• **WHAT TO PRODUCE**
Wherever the line with "#33=ORIENTED_EDGE('',*,*,#32,.F.);" sits in the listing below, transcribe from it up to and including the line with "#82=EDGE_CURVE('E322',#81,#73,#79,.T.);", exactly, and leave the remaining lines out.
++++++++++
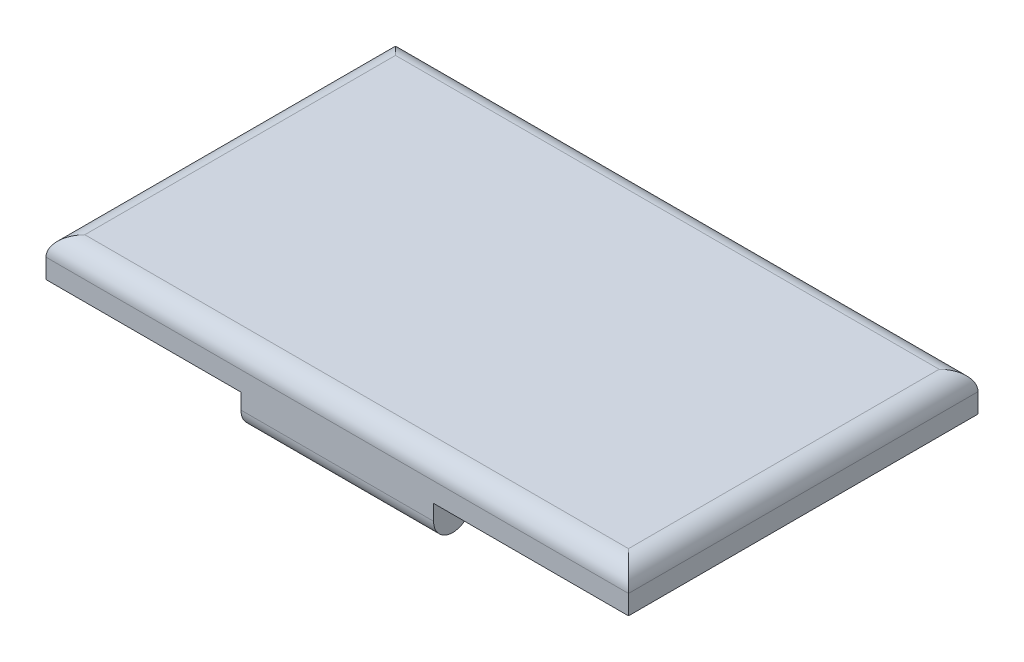
ISO-10303-21;
HEADER;
FILE_DESCRIPTION(('STEP AP214'),'2;1');
FILE_NAME('part.step','',(''),(''),'','','');
FILE_SCHEMA(('AUTOMOTIVE_DESIGN { 1 0 10303 214 1 1 1 1 }'));
ENDSEC;
DATA;
#1=APPLICATION_CONTEXT('core data for automotive mechanical design processes');
#2=APPLICATION_PROTOCOL_DEFINITION('international standard','automotive_design',2000,#1);
#3=PRODUCT_CONTEXT('',#1,'mechanical');
#4=PRODUCT('Part','Part','',(#3));
#5=PRODUCT_RELATED_PRODUCT_CATEGORY('part','',(#4));
#6=PRODUCT_DEFINITION_FORMATION('','',#4);
#7=PRODUCT_DEFINITION_CONTEXT('part definition',#1,'design');
#8=PRODUCT_DEFINITION('design','',#6,#7);
#9=PRODUCT_DEFINITION_SHAPE('','',#8);
#10=(LENGTH_UNIT() NAMED_UNIT(*) SI_UNIT(.MILLI.,.METRE.));
#11=(NAMED_UNIT(*) PLANE_ANGLE_UNIT() SI_UNIT($,.RADIAN.));
#12=(NAMED_UNIT(*) SI_UNIT($,.STERADIAN.) SOLID_ANGLE_UNIT());
#13=UNCERTAINTY_MEASURE_WITH_UNIT(LENGTH_MEASURE(1.E-05),#10,'distance_accuracy_value','');
#14=(GEOMETRIC_REPRESENTATION_CONTEXT(3) GLOBAL_UNCERTAINTY_ASSIGNED_CONTEXT((#13)) GLOBAL_UNIT_ASSIGNED_CONTEXT((#10,
#11,#12)) REPRESENTATION_CONTEXT('',''));
#15=CARTESIAN_POINT('',(0.,0.,0.));
#16=DIRECTION('',(0.,0.,1.));
#17=DIRECTION('',(1.,0.,0.));
#18=AXIS2_PLACEMENT_3D('',#15,#16,#17);
#19=CARTESIAN_POINT('',(0.,0.,0.));
#20=DIRECTION('',(0.,-1.,0.));
#21=DIRECTION('',(0.,0.,-1.));
#22=AXIS2_PLACEMENT_3D('',#19,#20,#21);
#23=PLANE('',#22);
#24=DIRECTION('',(0.,0.,-1.));
#25=VECTOR('',#24,1.);
#26=CARTESIAN_POINT('',(6.,0.,-74.));
#27=LINE('',#26,#25);
#28=CARTESIAN_POINT('',(6.,0.,-16.));
#29=VERTEX_POINT('',#28);
#30=CARTESIAN_POINT('',(6.,0.,-74.));
#31=VERTEX_POINT('',#30);
#32=EDGE_CURVE('E181',#29,#31,#27,.T.);
#33=ORIENTED_EDGE('',*,*,#32,.F.);
#34=DIRECTION('',(-1.,0.,0.));
#35=VECTOR('',#34,1.);
#36=CARTESIAN_POINT('',(6.,0.,-16.));
#37=LINE('',#36,#35);
#38=CARTESIAN_POINT('',(144.,0.,-16.));
#39=VERTEX_POINT('',#38);
#40=EDGE_CURVE('E198',#39,#29,#37,.T.);
#41=ORIENTED_EDGE('',*,*,#40,.F.);
#42=DIRECTION('',(0.,0.,1.));
#43=VECTOR('',#42,1.);
#44=CARTESIAN_POINT('',(144.,0.,-16.));
#45=LINE('',#44,#43);
#46=CARTESIAN_POINT('',(144.,0.,-74.));
#47=VERTEX_POINT('',#46);
#48=EDGE_CURVE('E201',#47,#39,#45,.T.);
#49=ORIENTED_EDGE('',*,*,#48,.F.);
#50=DIRECTION('',(1.,0.,0.));
#51=VECTOR('',#50,1.);
#52=CARTESIAN_POINT('',(144.,0.,-74.));
#53=LINE('',#52,#51);
#54=EDGE_CURVE('E207',#31,#47,#53,.T.);
#55=ORIENTED_EDGE('',*,*,#54,.F.);
#56=EDGE_LOOP('',(#33,#41,#49,#55));
#57=FACE_BOUND('',#56,.T.);
#58=DIRECTION('',(-1.,0.,0.));
#59=VECTOR('',#58,1.);
#60=CARTESIAN_POINT('',(50.2,0.,-80.1));
#61=LINE('',#60,#59);
#62=CARTESIAN_POINT('',(99.8,0.,-80.1));
#63=VERTEX_POINT('',#62);
#64=CARTESIAN_POINT('',(50.2,0.,-80.1));
#65=VERTEX_POINT('',#64);
#66=EDGE_CURVE('E220',#63,#65,#61,.T.);
#67=ORIENTED_EDGE('',*,*,#66,.F.);
#68=DIRECTION('',(0.,0.,1.));
#69=VECTOR('',#68,1.);
#70=CARTESIAN_POINT('',(99.8,0.,-90.));
#71=LINE('',#70,#69);
#72=CARTESIAN_POINT('',(99.8,0.,-90.));
#73=VERTEX_POINT('',#72);
#74=EDGE_CURVE('E214',#73,#63,#71,.T.);
#75=ORIENTED_EDGE('',*,*,#74,.F.);
#76=DIRECTION('',(-1.,0.,0.));
#77=VECTOR('',#76,1.);
#78=CARTESIAN_POINT('',(0.,0.,-90.));
#79=LINE('',#78,#77);
#80=CARTESIAN_POINT('',(150.,0.,-90.));
#81=VERTEX_POINT('',#80);
#82=EDGE_CURVE('E322',#81,#73,#79,.T.);
#83=ORIENTED_EDGE('',*,*,#82,.F.);
#84=DIRECTION('',(0.,0.,-1.));
#85=VECTOR('',#84,1.);
#86=CARTESIAN_POINT('',(150.,0.,0.));
#87=LINE('',#86,#85);
#88=CARTESIAN_POINT('',(150.,0.,0.));
#89=VERTEX_POINT('',#88);
#90=EDGE_CURVE('E336',#89,#81,#87,.T.);
#91=ORIENTED_EDGE('',*,*,#90,.F.);
#92=DIRECTION('',(1.,0.,0.));
#93=VECTOR('',#92,1.);
#94=CARTESIAN_POINT('',(0.,0.,0.));
#95=LINE('',#94,#93);
#96=CARTESIAN_POINT('',(99.8,0.,0.));
#97=VERTEX_POINT('',#96);
#98=EDGE_CURVE('E337',#97,#89,#95,.T.);
#99=ORIENTED_EDGE('',*,*,#98,.F.);
#100=DIRECTION('',(0.,0.,1.));
#101=VECTOR('',#100,1.);
#102=CARTESIAN_POINT('',(99.8,0.,0.));
#103=LINE('',#102,#101);
#104=CARTESIAN_POINT('',(99.8,0.,-9.9));
#105=VERTEX_POINT('',#104);
#106=EDGE_CURVE('E238',#105,#97,#103,.T.);
#107=ORIENTED_EDGE('',*,*,#106,.F.);
#108=DIRECTION('',(1.,0.,0.));
#109=VECTOR('',#108,1.);
#110=CARTESIAN_POINT('',(50.2,0.,-9.90000000000002));
#111=LINE('',#110,#109);
#112=CARTESIAN_POINT('',(50.2,0.,-9.90000000000002));
#113=VERTEX_POINT('',#112);
#114=EDGE_CURVE('E235',#113,#105,#111,.T.);
#115=ORIENTED_EDGE('',*,*,#114,.F.);
#116=DIRECTION('',(0.,0.,-1.));
#117=VECTOR('',#116,1.);
#118=CARTESIAN_POINT('',(50.2,0.,0.));
#119=LINE('',#118,#117);
#120=CARTESIAN_POINT('',(50.2,0.,0.));
#121=VERTEX_POINT('',#120);
#122=EDGE_CURVE('E234',#121,#113,#119,.T.);
#123=ORIENTED_EDGE('',*,*,#122,.F.);
#124=CARTESIAN_POINT('',(0.,0.,0.));
#125=VERTEX_POINT('',#124);
#126=EDGE_CURVE('E332',#125,#121,#95,.T.);
#127=ORIENTED_EDGE('',*,*,#126,.F.);
#128=DIRECTION('',(0.,0.,1.));
#129=VECTOR('',#128,1.);
#130=CARTESIAN_POINT('',(0.,0.,0.));
#131=LINE('',#130,#129);
#132=CARTESIAN_POINT('',(0.,0.,-90.));
#133=VERTEX_POINT('',#132);
#134=EDGE_CURVE('E341',#133,#125,#131,.T.);
#135=ORIENTED_EDGE('',*,*,#134,.F.);
#136=CARTESIAN_POINT('',(50.2,0.,-90.));
#137=VERTEX_POINT('',#136);
#138=EDGE_CURVE('E319',#137,#133,#79,.T.);
#139=ORIENTED_EDGE('',*,*,#138,.F.);
#140=DIRECTION('',(0.,0.,-1.));
#141=VECTOR('',#140,1.);
#142=CARTESIAN_POINT('',(50.2,0.,-90.));
#143=LINE('',#142,#141);
#144=EDGE_CURVE('E223',#65,#137,#143,.T.);
#145=ORIENTED_EDGE('',*,*,#144,.F.);
#146=EDGE_LOOP('',(#67,#75,#83,#91,#99,#107,#115,#123,#127,#135,#139,#145));
#147=FACE_BOUND('',#146,.T.);
#148=ADVANCED_FACE('F33',(#57,#147),#23,.T.);
#149=CARTESIAN_POINT('',(0.,10.,0.));
#150=DIRECTION('',(1.,0.,0.));
#151=DIRECTION('',(0.,0.,-1.));
#152=AXIS2_PLACEMENT_3D('',#149,#150,#151);
#153=PLANE('',#152);
#154=DIRECTION('',(0.,-1.,0.));
#155=VECTOR('',#154,1.);
#156=CARTESIAN_POINT('',(0.,10.,0.));
#157=LINE('',#156,#155);
#158=CARTESIAN_POINT('',(0.,5.,0.));
#159=VERTEX_POINT('',#158);
#160=EDGE_CURVE('E312',#159,#125,#157,.T.);
#161=ORIENTED_EDGE('',*,*,#160,.F.);
#162=DIRECTION('',(0.,0.,1.));
#163=VECTOR('',#162,1.);
#164=CARTESIAN_POINT('',(0.,5.,0.));
#165=LINE('',#164,#163);
#166=CARTESIAN_POINT('',(0.,5.,-90.));
#167=VERTEX_POINT('',#166);
#168=EDGE_CURVE('E11',#159,#167,#165,.F.);
#169=ORIENTED_EDGE('',*,*,#168,.T.);
#170=DIRECTION('',(0.,-1.,0.));
#171=VECTOR('',#170,1.);
#172=CARTESIAN_POINT('',(0.,10.,-90.));
#173=LINE('',#172,#171);
#174=EDGE_CURVE('E310',#167,#133,#173,.T.);
#175=ORIENTED_EDGE('',*,*,#174,.T.);
#176=ORIENTED_EDGE('',*,*,#134,.T.);
#177=EDGE_LOOP('',(#161,#169,#175,#176));
#178=FACE_BOUND('',#177,.T.);
#179=ADVANCED_FACE('F308',(#178),#153,.F.);
#180=CARTESIAN_POINT('',(0.,10.,0.));
#181=DIRECTION('',(0.,0.,-1.));
#182=DIRECTION('',(-1.,0.,0.));
#183=AXIS2_PLACEMENT_3D('',#180,#181,#182);
#184=PLANE('',#183);
#185=DIRECTION('',(0.,1.,0.));
#186=VECTOR('',#185,1.);
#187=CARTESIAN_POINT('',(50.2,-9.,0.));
++++++++++
• **ANSWER TO THE PROBLEM**
#33=ORIENTED_EDGE('',*,*,#32,.F.);
#34=DIRECTION('',(-1.,0.,0.));
#35=VECTOR('',#34,1.);
#36=CARTESIAN_POINT('',(6.,0.,-16.));
#37=LINE('',#36,#35);
#38=CARTESIAN_POINT('',(144.,0.,-16.));
#39=VERTEX_POINT('',#38);
#40=EDGE_CURVE('E198',#39,#29,#37,.T.);
#41=ORIENTED_EDGE('',*,*,#40,.F.);
#42=DIRECTION('',(0.,0.,1.));
#43=VECTOR('',#42,1.);
#44=CARTESIAN_POINT('',(144.,0.,-16.));
#45=LINE('',#44,#43);
#46=CARTESIAN_POINT('',(144.,0.,-74.));
#47=VERTEX_POINT('',#46);
#48=EDGE_CURVE('E201',#47,#39,#45,.T.);
#49=ORIENTED_EDGE('',*,*,#48,.F.);
#50=DIRECTION('',(1.,0.,0.));
#51=VECTOR('',#50,1.);
#52=CARTESIAN_POINT('',(144.,0.,-74.));
#53=LINE('',#52,#51);
#54=EDGE_CURVE('E207',#31,#47,#53,.T.);
#55=ORIENTED_EDGE('',*,*,#54,.F.);
#56=EDGE_LOOP('',(#33,#41,#49,#55));
#57=FACE_BOUND('',#56,.T.);
#58=DIRECTION('',(-1.,0.,0.));
#59=VECTOR('',#58,1.);
#60=CARTESIAN_POINT('',(50.2,0.,-80.1));
#61=LINE('',#60,#59);
#62=CARTESIAN_POINT('',(99.8,0.,-80.1));
#63=VERTEX_POINT('',#62);
#64=CARTESIAN_POINT('',(50.2,0.,-80.1));
#65=VERTEX_POINT('',#64);
#66=EDGE_CURVE('E220',#63,#65,#61,.T.);
#67=ORIENTED_EDGE('',*,*,#66,.F.);
#68=DIRECTION('',(0.,0.,1.));
#69=VECTOR('',#68,1.);
#70=CARTESIAN_POINT('',(99.8,0.,-90.));
#71=LINE('',#70,#69);
#72=CARTESIAN_POINT('',(99.8,0.,-90.));
#73=VERTEX_POINT('',#72);
#74=EDGE_CURVE('E214',#73,#63,#71,.T.);
#75=ORIENTED_EDGE('',*,*,#74,.F.);
#76=DIRECTION('',(-1.,0.,0.));
#77=VECTOR('',#76,1.);
#78=CARTESIAN_POINT('',(0.,0.,-90.));
#79=LINE('',#78,#77);
#80=CARTESIAN_POINT('',(150.,0.,-90.));
#81=VERTEX_POINT('',#80);
#82=EDGE_CURVE('E322',#81,#73,#79,.T.);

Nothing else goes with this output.